• [WHAT TO DO]
Should the entries contain pictures, leave them out and return exactly the lines from the first through the line holding "#35=VECTOR('',#34,1.);".

• [Saved entries]
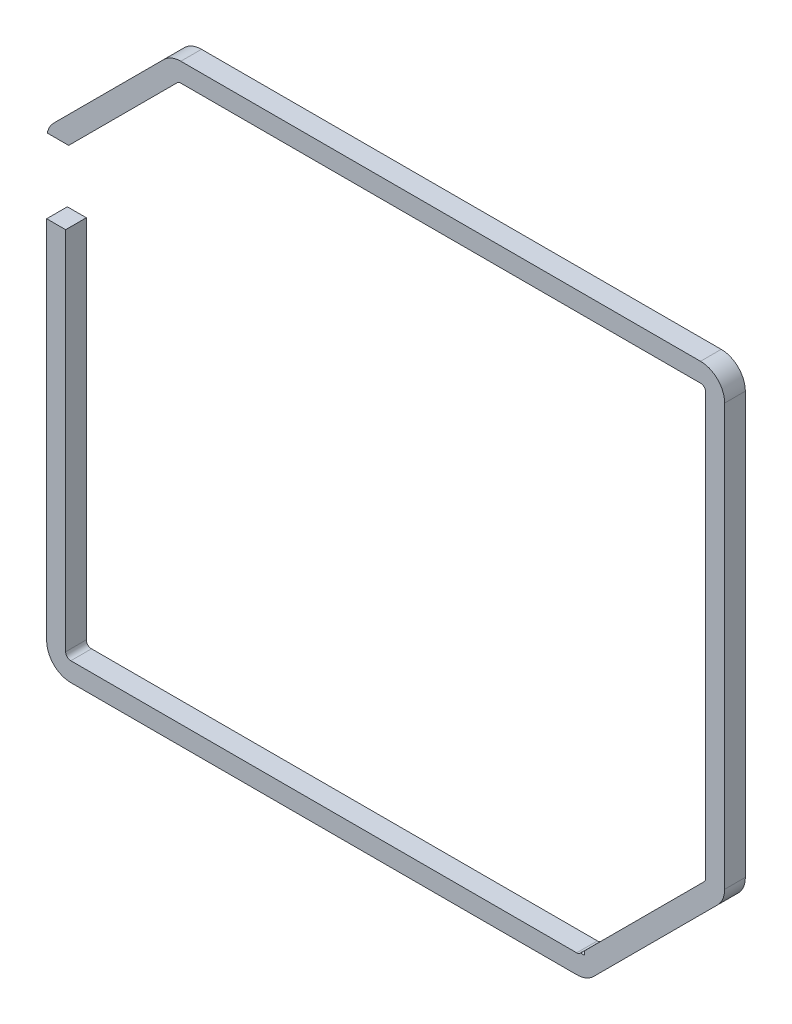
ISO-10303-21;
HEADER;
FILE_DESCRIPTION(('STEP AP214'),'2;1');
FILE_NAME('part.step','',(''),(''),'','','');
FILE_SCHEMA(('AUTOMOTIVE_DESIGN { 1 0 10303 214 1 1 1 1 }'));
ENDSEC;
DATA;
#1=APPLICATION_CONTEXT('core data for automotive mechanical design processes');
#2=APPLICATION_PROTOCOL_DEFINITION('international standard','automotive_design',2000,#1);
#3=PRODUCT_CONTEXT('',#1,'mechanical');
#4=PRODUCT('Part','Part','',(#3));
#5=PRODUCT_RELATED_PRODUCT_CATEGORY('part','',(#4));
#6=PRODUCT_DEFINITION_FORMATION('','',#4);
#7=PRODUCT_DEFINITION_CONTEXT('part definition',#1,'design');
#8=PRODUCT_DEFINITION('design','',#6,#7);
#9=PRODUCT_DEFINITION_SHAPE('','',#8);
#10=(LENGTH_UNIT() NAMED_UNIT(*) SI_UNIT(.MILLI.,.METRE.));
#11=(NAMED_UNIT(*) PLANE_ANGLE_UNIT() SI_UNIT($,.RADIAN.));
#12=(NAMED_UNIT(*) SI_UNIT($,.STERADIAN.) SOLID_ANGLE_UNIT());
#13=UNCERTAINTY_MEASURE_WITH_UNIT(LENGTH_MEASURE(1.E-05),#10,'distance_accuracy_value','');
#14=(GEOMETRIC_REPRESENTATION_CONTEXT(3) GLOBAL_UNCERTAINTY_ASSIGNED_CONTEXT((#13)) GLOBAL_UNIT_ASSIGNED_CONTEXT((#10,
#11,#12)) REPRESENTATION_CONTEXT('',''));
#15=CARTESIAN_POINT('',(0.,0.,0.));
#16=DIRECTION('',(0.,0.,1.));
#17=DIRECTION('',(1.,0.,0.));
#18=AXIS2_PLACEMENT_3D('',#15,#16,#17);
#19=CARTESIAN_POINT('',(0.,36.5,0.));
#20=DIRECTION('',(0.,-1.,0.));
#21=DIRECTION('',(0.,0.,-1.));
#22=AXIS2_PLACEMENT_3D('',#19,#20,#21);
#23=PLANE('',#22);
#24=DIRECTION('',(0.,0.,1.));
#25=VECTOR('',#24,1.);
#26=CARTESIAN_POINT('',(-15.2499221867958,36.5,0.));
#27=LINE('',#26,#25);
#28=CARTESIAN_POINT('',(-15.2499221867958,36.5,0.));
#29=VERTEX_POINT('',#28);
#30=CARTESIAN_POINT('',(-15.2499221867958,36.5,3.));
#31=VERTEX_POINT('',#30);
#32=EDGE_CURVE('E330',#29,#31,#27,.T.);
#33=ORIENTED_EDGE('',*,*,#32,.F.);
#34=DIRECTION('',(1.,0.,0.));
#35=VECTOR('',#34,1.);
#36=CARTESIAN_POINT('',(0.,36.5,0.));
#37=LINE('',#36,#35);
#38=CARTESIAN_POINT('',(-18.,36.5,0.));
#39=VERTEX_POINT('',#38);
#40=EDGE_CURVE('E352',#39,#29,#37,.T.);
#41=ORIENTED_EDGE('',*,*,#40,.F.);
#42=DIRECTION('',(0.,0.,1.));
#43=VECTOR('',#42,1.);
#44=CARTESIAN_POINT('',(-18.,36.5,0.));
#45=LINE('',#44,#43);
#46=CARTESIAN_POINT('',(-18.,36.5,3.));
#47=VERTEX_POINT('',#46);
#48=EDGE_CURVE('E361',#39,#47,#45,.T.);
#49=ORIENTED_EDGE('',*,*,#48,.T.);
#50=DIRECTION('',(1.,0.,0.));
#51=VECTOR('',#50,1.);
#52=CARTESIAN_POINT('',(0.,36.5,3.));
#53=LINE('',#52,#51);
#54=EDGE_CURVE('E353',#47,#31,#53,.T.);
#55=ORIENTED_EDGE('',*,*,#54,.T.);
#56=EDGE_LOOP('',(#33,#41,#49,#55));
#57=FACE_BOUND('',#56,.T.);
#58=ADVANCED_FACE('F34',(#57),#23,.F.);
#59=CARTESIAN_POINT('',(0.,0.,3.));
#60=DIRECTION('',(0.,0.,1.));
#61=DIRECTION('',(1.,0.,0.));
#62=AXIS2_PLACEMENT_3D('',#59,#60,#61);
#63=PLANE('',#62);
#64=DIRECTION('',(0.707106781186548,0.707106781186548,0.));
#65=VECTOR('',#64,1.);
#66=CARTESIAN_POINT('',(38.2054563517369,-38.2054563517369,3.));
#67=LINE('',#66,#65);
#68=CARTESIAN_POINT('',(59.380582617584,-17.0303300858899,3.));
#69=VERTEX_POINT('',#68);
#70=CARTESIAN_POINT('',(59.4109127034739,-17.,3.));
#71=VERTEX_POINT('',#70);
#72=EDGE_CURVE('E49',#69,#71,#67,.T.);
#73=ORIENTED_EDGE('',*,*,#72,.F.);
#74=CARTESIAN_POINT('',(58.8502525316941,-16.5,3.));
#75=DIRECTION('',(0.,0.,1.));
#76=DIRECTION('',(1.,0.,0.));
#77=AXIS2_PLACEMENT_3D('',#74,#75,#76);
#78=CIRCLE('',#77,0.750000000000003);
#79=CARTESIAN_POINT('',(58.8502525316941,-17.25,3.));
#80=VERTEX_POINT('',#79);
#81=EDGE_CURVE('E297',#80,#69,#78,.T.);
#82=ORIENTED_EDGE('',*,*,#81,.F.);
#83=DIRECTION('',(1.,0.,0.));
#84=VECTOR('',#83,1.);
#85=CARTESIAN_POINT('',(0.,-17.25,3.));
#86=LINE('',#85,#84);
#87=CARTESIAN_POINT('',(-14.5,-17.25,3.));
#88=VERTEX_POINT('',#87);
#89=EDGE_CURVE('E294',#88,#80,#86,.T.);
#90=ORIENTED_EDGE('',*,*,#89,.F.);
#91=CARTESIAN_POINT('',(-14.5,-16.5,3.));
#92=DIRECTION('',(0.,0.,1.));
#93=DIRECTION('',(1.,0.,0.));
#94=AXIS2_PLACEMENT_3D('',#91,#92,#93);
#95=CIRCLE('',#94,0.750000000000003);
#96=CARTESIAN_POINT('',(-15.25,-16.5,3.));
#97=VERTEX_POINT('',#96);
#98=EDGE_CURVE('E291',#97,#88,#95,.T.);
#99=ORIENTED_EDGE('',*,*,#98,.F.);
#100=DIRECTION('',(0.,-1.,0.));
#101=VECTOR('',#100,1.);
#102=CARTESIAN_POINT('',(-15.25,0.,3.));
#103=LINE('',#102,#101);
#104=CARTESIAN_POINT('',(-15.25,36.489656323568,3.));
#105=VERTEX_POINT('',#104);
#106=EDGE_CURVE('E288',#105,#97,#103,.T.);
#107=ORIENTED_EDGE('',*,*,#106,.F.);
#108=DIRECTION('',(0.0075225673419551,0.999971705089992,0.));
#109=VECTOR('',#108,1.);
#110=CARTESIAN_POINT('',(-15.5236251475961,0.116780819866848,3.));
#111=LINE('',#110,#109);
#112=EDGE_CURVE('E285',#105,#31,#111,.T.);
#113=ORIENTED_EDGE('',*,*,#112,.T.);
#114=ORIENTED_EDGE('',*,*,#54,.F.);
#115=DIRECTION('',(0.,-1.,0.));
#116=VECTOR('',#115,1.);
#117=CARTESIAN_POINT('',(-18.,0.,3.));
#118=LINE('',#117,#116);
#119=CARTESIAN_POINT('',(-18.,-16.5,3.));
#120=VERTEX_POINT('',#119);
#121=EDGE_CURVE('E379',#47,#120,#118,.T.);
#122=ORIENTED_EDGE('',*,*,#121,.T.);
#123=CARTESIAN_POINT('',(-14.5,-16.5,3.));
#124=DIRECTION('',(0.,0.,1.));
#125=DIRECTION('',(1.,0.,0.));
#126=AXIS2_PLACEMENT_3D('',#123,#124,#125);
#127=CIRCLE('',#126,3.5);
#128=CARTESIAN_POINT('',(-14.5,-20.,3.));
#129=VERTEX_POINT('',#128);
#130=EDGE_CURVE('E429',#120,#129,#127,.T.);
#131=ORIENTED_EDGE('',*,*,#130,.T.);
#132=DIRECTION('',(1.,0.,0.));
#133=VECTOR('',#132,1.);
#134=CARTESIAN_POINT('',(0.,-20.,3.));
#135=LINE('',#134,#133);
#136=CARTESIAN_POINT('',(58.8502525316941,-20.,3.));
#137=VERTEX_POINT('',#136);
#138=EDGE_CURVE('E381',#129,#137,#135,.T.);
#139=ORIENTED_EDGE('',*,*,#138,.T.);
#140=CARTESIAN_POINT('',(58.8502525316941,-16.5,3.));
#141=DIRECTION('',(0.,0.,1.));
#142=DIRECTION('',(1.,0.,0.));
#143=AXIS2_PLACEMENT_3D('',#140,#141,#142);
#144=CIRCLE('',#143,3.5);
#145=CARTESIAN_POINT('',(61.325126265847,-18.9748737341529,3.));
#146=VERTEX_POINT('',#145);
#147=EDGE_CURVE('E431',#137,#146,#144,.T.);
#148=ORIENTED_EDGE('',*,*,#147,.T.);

• [TASK SOLUTION]
ISO-10303-21;
HEADER;
FILE_DESCRIPTION(('STEP AP214'),'2;1');
FILE_NAME('part.step','',(''),(''),'','','');
FILE_SCHEMA(('AUTOMOTIVE_DESIGN { 1 0 10303 214 1 1 1 1 }'));
ENDSEC;
DATA;
#1=APPLICATION_CONTEXT('core data for automotive mechanical design processes');
#2=APPLICATION_PROTOCOL_DEFINITION('international standard','automotive_design',2000,#1);
#3=PRODUCT_CONTEXT('',#1,'mechanical');
#4=PRODUCT('Part','Part','',(#3));
#5=PRODUCT_RELATED_PRODUCT_CATEGORY('part','',(#4));
#6=PRODUCT_DEFINITION_FORMATION('','',#4);
#7=PRODUCT_DEFINITION_CONTEXT('part definition',#1,'design');
#8=PRODUCT_DEFINITION('design','',#6,#7);
#9=PRODUCT_DEFINITION_SHAPE('','',#8);
#10=(LENGTH_UNIT() NAMED_UNIT(*) SI_UNIT(.MILLI.,.METRE.));
#11=(NAMED_UNIT(*) PLANE_ANGLE_UNIT() SI_UNIT($,.RADIAN.));
#12=(NAMED_UNIT(*) SI_UNIT($,.STERADIAN.) SOLID_ANGLE_UNIT());
#13=UNCERTAINTY_MEASURE_WITH_UNIT(LENGTH_MEASURE(1.E-05),#10,'distance_accuracy_value','');
#14=(GEOMETRIC_REPRESENTATION_CONTEXT(3) GLOBAL_UNCERTAINTY_ASSIGNED_CONTEXT((#13)) GLOBAL_UNIT_ASSIGNED_CONTEXT((#10,
#11,#12)) REPRESENTATION_CONTEXT('',''));
#15=CARTESIAN_POINT('',(0.,0.,0.));
#16=DIRECTION('',(0.,0.,1.));
#17=DIRECTION('',(1.,0.,0.));
#18=AXIS2_PLACEMENT_3D('',#15,#16,#17);
#19=CARTESIAN_POINT('',(0.,36.5,0.));
#20=DIRECTION('',(0.,-1.,0.));
#21=DIRECTION('',(0.,0.,-1.));
#22=AXIS2_PLACEMENT_3D('',#19,#20,#21);
#23=PLANE('',#22);
#24=DIRECTION('',(0.,0.,1.));
#25=VECTOR('',#24,1.);
#26=CARTESIAN_POINT('',(-15.2499221867958,36.5,0.));
#27=LINE('',#26,#25);
#28=CARTESIAN_POINT('',(-15.2499221867958,36.5,0.));
#29=VERTEX_POINT('',#28);
#30=CARTESIAN_POINT('',(-15.2499221867958,36.5,3.));
#31=VERTEX_POINT('',#30);
#32=EDGE_CURVE('E330',#29,#31,#27,.T.);
#33=ORIENTED_EDGE('',*,*,#32,.F.);
#34=DIRECTION('',(1.,0.,0.));
#35=VECTOR('',#34,1.);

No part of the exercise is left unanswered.